If they are connected somehow

They are related, bbolt mmaps the file into memory directly.

vitalif commented 1 month ago

Here's the profile pprof.etcd.alloc_objects.alloc_space.inuse_objects.inuse_space.012.pb.gz

Percentage of PUT requests I think was close to 100% )). There were puts + 6 watchers, that's all. RPC rate graph shows 0.85 rps and 2.5 MByte/s traffic.

Memory usage actually dropped the next day along with update traffic when I restarted my software and it stopped updating... something. I think it was old statistics but I'm not sure. 2.5 MB/s is quite a lot given that total amount of data in etcd is 2 MB :-). My software updates statistics every 5 seconds in that installation, so 2.5 MB/s is 12.5 MB every 5 seconds... Still more than 2 MB. So I'm not sure what it was. Maybe these were some unapplied compare failures and retries... I'll monitor this instance for more time.

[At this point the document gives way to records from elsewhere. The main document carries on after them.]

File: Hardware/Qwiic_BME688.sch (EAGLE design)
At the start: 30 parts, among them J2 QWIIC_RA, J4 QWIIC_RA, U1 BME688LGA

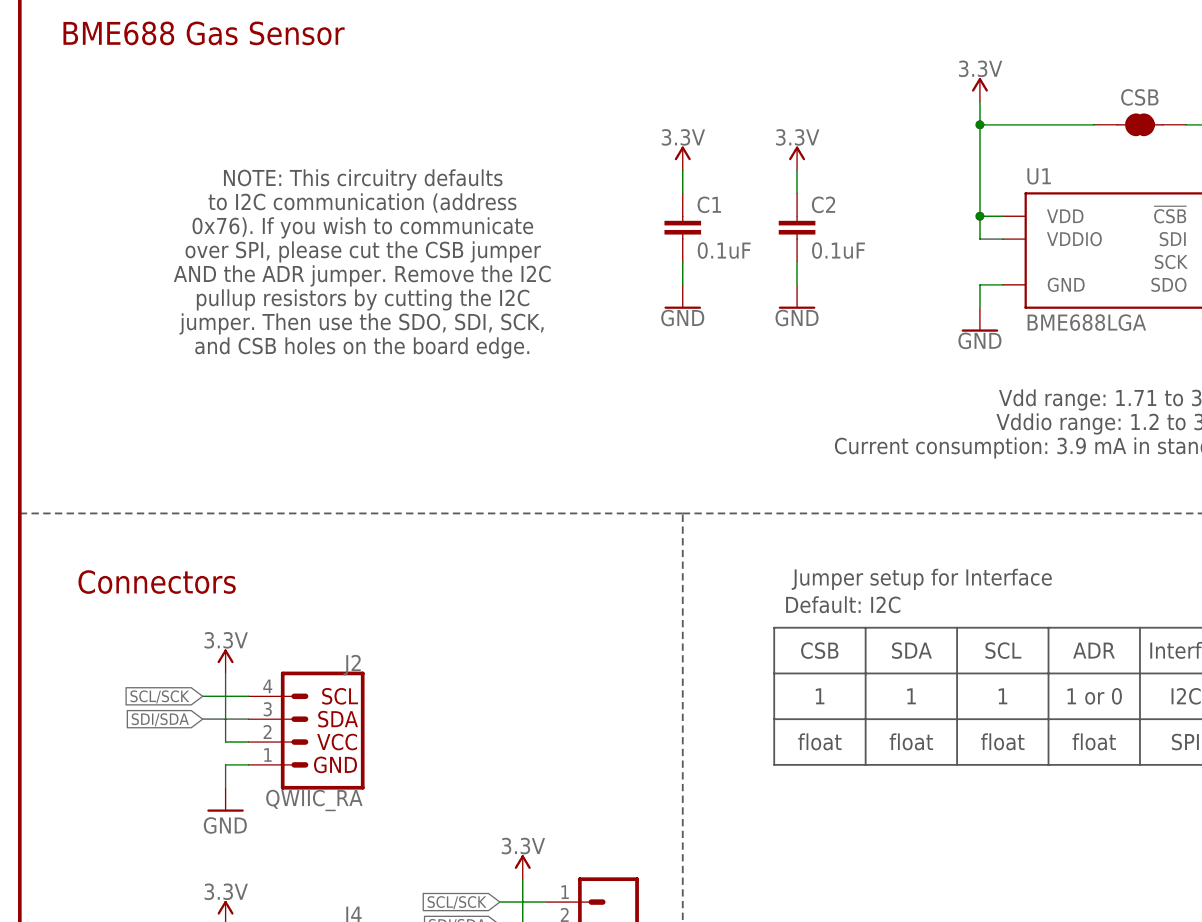
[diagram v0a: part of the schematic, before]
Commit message: Change I2C jumper notes on schematic
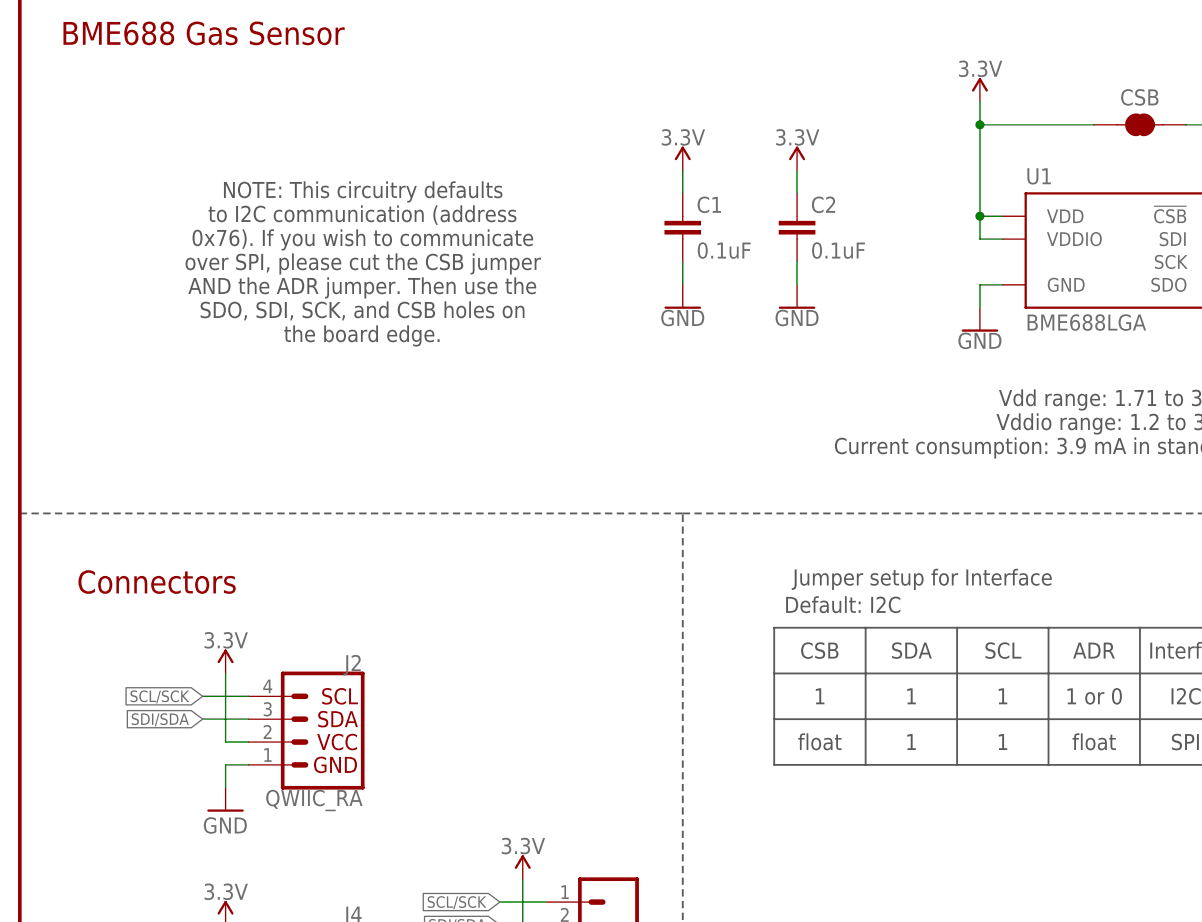
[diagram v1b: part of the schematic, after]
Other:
- note added: "NOTE: This circuitry defaults to I2C communication (address 0x76). If you wish to communicate over SPI, please cut the CSB jumper AND the ADR jumper. Then use the SDO, SDI, SCK, and CSB holes on the board edge."
- note removed: "NOTE: This circuitry defaults to I2C communication (address 0x76). If you wish to communicate over SPI, please cut the CSB jumper AND the ADR jumper. Remove the I2C pullup resistors by cutting the I2C jumper. Then use the SDO, SDI, SCK, and CSB holes on the board edge."
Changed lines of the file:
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@@
 0x76). If you wish to communicate
 over SPI, please cut the CSB jumper
-AND the ADR jumper. Remove the I2C
-pullup resistors by cutting the I2C
-jumper. Then use the SDO, SDI, SCK,
-and CSB holes on the board edge.</text>
+AND the ADR jumper. Then use the
+SDO, SDI, SCK, and CSB holes on
+the board edge.</text>
 <text x="109.22" y="53.34" size="1.778" layer="97" font="vector" align="center">SCL</text>
 <text x="88.9" y="53.34" size="1.778" layer="97" font="vector" align="center">CSB</text>
@@
 <text x="119.38" y="48.26" size="1.778" layer="97" font="vector" align="center">1 or 0</text>
 <text x="88.9" y="43.18" size="1.778" layer="97" font="vector" align="center">float</text>
-<text x="109.22" y="43.18" size="1.778" layer="97" font="vector" align="center">float</text>
+<text x="109.22" y="43.18" size="1.778" layer="97" font="vector" align="center">1</text>
 <text x="119.38" y="43.18" size="1.778" layer="97" font="vector" align="center">float</text>
 <text x="130.302" y="53.34" size="1.778" layer="97" font="vector" align="center">Interface</text>
@@
 <text x="99.06" y="53.34" size="1.778" layer="97" font="vector" align="center">SDA</text>
 <text x="99.06" y="48.26" size="1.778" layer="97" font="vector" align="center">1</text>
-<text x="99.06" y="43.18" size="1.778" layer="97" font="vector" align="center">float</text>
+<text x="99.06" y="43.18" size="1.778" layer="97" font="vector" align="center">1</text>
 <text x="100.33" y="61.468" size="1.778" layer="97" font="vector" align="center">Jumper setup for Interface</text>
 <text x="91.44" y="58.42" size="1.778" layer="97" font="vector" align="center">Default: I2C</text>

Here's the screenshot from grafana: image

socketpair commented 1 month ago

@ahrtr okay, but

  1. does it map multiple times to different places ?
  2. If yes - it does not increase memory usage (RSS) because of shared memory.
  3. if no, why sizes differ so much ? seems it allocates huge amounts of anonymous memory (copies ?)
socketpair commented 1 month ago

I'm not an expert in Go. Is there any memory mapper ? I mean a tool that shows what memory block is used for.

clement2026 commented 1 week ago

@socketpair I get that you’re concerned about memory size. You might want to try setting the --experimental-snapshot-catchup-entries flag. The default value is 5000, but you can lower it to, say, 500, which should bring your memory usage down to around 3GB.

The downside of setting a low value for --experimental-snapshot-catchup-entries is that slow followers might need to catch up with the leader using a snapshot, which is less efficient. But if you’re running a single instance of etcd, you can even set it to 1 and can keep your memory usage under 2GB.

Based on your posts, it seems the average size of a put request is around 2MB.

Your etcd instance’s heap size is roughly between (--experimental-snapshot-catchup-entries) * 2MB and (--experimental-snapshot-catchup-entries + --snapshot-count) * 2MB. In your case, that’s about 10GB to 12GB.

I’m sharing some tests here for your reference.

Test 1

--experimental-snapshot-catchup-entries 5000

Setup:

rm -rf etcd0.etcd; etcd -name etcd0 \
--data-dir etcd0.etcd \
--enable-pprof=true \
--snapshot-count=1000 \
--advertise-client-urls http://localhost:2379 \
--listen-client-urls http://localhost:2379 \
--initial-advertise-peer-urls http://localhost:2380 \
--listen-peer-urls http://localhost:2380 \
--initial-cluster-token vitastor-etcd-1 \
--initial-cluster etcd0=http://localhost:2380 \
--initial-cluster-state new \
--max-txn-ops=100000 \
--max-request-bytes=104857600 \
--auto-compaction-mode=periodic \
--auto-compaction-retention=5s \
--experimental-snapshot-catchup-entries 5000

Benchmark script:

./bin/tools/benchmark txn-mixed --total=50000000 --val-size=2000000 --key-space-size=1 --rw-ratio=1
Xnip2024-09-06_14-55-54

Test 2

The setup and benchmark script is the same except --experimental-snapshot-catchup-entries 500.

Xnip2024-09-06_14-39-17

Test 3

--experimental-snapshot-catchup-entries 1

image

Hope it helps.

serathius commented 4 days ago

Awesome analysis @clement2026, makes me very excited about your work in https://github.com/etcd-io/etcd/issues/17098. Would be awesome to paste those findings there too.

clement2026 commented 4 days ago

I’m glad you found the analysis helpful. I’ll include them in #17098.